Three bulbs are connected by tubing, and the tubing is evacuated. The volume of the tubing is 32.0 mL. The first bulb has a volume of 78.0 mL and contains 2.72 atm of argon, the second bulb has a volume of 250 mL and contains 2.83 atm of neon, and the third bulb has a volume of 37.0 mL and contains 8.24 atm of hydrogen. If the stopcocks (valves) that isolate all three bulbs are opened, what is the final pressure of the whole system in atm?
So I know that you have to use PV=PV, but how would you do it with three different bulbs? I mean, how would you get the volume of the whole system?
The following procedure provides a crude method of determining the molar mass of a volatile liquid. A liquid of mass 0.0171 g is introduced into a syringe and the end is capped (sealed). The syringe is transferred to a temperature bath maintained at 62.7 oC, and the liquid vaporizes. As the liquid vaporizes the plunger is pushed out. At equilibrium, the plunger reads 6.81 mL of gas. Atmospheric pressure is 740. mmHg. What is the approximate molar mass of the compound (in g/mol)?
Okay for this one I would us V/T=V/T, but why do they mention atmospheric pressure/how does it play into solving the problem?
Thanks in advance!
For #1, the volume of the entire system is volume bulb 1 + volume bulb 2 + volume bulb 3 + 32 mL (for the tubing).
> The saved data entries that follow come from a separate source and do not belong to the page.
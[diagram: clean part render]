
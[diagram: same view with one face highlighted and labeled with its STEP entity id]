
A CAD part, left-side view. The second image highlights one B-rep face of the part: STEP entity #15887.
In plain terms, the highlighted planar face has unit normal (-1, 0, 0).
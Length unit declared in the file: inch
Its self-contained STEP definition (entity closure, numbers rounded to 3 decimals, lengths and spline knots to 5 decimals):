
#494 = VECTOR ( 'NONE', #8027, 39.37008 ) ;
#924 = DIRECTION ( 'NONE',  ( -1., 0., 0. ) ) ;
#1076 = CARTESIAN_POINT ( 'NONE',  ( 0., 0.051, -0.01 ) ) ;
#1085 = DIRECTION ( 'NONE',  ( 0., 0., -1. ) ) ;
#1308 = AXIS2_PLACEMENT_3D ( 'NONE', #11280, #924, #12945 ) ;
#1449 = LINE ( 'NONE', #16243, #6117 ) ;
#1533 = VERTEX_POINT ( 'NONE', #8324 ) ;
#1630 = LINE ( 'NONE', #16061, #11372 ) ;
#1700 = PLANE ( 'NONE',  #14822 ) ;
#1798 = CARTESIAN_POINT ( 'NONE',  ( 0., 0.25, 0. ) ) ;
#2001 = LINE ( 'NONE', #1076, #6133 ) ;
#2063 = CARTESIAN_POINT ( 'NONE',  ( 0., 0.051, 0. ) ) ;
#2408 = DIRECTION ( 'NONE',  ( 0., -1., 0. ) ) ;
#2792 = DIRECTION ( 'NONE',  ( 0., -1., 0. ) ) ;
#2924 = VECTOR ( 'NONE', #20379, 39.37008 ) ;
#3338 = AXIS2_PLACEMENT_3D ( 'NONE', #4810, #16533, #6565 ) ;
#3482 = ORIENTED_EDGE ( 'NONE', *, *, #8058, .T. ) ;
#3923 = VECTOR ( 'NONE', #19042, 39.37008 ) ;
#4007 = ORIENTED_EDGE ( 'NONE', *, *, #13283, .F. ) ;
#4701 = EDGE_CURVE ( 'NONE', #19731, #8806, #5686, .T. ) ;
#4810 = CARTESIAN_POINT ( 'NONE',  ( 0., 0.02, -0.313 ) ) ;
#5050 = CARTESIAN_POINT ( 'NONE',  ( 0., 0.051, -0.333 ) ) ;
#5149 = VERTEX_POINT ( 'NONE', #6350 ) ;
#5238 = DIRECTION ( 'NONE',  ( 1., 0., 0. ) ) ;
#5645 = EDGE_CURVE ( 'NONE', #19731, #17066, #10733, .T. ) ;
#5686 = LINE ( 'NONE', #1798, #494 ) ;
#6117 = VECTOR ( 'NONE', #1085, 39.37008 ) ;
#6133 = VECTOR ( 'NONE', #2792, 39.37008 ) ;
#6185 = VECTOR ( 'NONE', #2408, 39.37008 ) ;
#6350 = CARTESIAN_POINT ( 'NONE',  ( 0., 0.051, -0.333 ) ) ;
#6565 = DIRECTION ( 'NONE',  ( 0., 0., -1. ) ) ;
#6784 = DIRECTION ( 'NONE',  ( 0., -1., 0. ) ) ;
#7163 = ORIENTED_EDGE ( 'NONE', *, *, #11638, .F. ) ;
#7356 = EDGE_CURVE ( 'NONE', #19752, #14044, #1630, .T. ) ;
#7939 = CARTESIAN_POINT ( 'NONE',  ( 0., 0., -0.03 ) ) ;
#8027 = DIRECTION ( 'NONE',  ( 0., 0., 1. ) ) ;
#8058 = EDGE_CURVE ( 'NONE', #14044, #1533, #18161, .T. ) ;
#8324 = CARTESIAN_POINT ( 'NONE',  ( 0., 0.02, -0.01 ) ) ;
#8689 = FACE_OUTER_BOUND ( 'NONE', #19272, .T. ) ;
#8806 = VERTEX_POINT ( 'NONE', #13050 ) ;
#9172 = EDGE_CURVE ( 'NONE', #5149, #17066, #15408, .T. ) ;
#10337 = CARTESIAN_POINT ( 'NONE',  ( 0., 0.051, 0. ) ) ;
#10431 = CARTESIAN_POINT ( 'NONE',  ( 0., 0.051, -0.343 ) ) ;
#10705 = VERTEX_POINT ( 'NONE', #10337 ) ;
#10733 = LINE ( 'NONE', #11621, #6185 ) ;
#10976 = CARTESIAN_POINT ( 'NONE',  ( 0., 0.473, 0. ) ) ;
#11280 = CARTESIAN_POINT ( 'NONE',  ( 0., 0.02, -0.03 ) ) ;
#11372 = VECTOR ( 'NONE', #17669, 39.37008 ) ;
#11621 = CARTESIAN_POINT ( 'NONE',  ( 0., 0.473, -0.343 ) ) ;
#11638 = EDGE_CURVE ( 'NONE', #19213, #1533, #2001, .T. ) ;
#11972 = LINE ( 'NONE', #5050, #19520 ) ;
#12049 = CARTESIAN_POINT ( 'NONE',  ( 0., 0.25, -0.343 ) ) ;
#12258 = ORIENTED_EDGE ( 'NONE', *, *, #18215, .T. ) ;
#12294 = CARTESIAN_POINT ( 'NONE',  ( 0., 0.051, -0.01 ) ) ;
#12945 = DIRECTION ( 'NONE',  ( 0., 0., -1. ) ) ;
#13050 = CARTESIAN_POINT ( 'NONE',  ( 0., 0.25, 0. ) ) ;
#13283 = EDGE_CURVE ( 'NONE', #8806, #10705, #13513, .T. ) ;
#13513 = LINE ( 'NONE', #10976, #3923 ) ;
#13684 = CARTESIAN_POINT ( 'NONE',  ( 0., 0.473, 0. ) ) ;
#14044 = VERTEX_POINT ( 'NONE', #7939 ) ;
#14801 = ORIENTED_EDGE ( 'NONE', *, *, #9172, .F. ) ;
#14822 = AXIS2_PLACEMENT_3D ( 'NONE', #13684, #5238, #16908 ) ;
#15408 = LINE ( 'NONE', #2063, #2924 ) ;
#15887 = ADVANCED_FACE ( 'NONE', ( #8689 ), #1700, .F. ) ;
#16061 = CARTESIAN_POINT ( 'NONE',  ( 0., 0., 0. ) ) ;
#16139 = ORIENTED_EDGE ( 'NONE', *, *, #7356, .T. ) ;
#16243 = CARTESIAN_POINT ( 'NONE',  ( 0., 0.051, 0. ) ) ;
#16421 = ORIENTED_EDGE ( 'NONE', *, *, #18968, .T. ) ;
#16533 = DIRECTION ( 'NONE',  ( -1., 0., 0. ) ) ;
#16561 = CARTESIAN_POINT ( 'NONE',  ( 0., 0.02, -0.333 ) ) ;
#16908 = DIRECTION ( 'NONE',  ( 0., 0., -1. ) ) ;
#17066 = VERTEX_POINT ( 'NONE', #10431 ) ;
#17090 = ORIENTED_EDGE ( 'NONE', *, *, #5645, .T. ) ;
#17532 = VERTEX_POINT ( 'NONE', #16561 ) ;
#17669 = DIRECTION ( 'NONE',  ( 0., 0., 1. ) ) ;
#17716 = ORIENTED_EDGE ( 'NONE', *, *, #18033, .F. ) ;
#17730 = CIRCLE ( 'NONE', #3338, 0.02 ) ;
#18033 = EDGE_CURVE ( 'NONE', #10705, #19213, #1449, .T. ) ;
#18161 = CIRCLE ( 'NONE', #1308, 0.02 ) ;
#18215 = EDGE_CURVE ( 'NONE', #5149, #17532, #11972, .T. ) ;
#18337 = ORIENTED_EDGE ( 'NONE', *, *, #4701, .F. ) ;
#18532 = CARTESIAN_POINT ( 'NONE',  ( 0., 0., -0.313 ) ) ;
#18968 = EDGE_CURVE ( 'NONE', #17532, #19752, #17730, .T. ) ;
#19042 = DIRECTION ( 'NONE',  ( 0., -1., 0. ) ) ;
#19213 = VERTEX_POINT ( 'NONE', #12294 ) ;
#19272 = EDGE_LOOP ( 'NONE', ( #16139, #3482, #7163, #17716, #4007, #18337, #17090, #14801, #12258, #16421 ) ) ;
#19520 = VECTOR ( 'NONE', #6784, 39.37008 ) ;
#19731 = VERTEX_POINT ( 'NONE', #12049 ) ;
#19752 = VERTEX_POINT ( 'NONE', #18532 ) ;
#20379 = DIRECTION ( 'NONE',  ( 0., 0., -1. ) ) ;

To go further on #1, I would use PV = nRT and convert those volumes and pressures to mols = n. The add all the moles together and the volumes together and use PV = nRT to solve for P. You don't have a T but you can make up a T and keep it constant.
To find the final pressure of the whole system in the first question, you can use the principle of partial pressures and the ideal gas law.
First, use the ideal gas law equation PV = nRT to find the number of moles (n) of each gas in the system. Rearrange the equation to solve for n: n = PV / RT.
For the first bulb:
n1 = (2.72 atm) * (0.078 L) / [(0.0821 L*atm/mol*K) * Temperature]
For the second bulb:
n2 = (2.83 atm) * (0.250 L) / [(0.0821 L*atm/mol*K) * Temperature]
For the third bulb:
n3 = (8.24 atm) * (0.037 L) / [(0.0821 L*atm/mol*K) * Temperature]
Next, sum up the total moles of all the gases:
ntotal = n1 + n2 + n3
Finally, use the total moles and the total volume (which is the sum of the volumes of all three bulbs plus the tubing volume) to find the final pressure using the ideal gas law again:
Ptotal = (ntotal * R * Temperature) / (Vtotal)
Here, Vtotal = V1 + V2 + V3 + Vtubing, where Vtubing is the volume of the tubing.
For the second question, the atmospheric pressure is mentioned because it is the external pressure acting on the system. The gas inside the syringe pushes against this external pressure. To solve the problem, you'll need to work with the difference between the pressure inside the syringe and the atmospheric pressure.
You can use the combined gas law, which states that P1V1/T1 = P2V2/T2, to relate the initial state (before the vaporization) to the final state (at equilibrium).
In this case, P1 is the pressure inside the syringe, V1 is the volume of the gas at equilibrium (6.81 mL = 0.00681 L), T1 is temperature of the bath in Kelvin (62.7 + 273 = 335.7 K), P2 is the atmospheric pressure (740 mmHg), and T2 is the same as T1.
Rearrange the equation to solve for P1: P1 = (P2 * V2 * T1) / (V1 * T2)
Plug in the known values and solve for P1. Once you have P1, you can rearrange the ideal gas law equation PV = nRT, solve for n (number of moles), and finally calculate the molar mass by dividing the mass of the compound by the number of moles.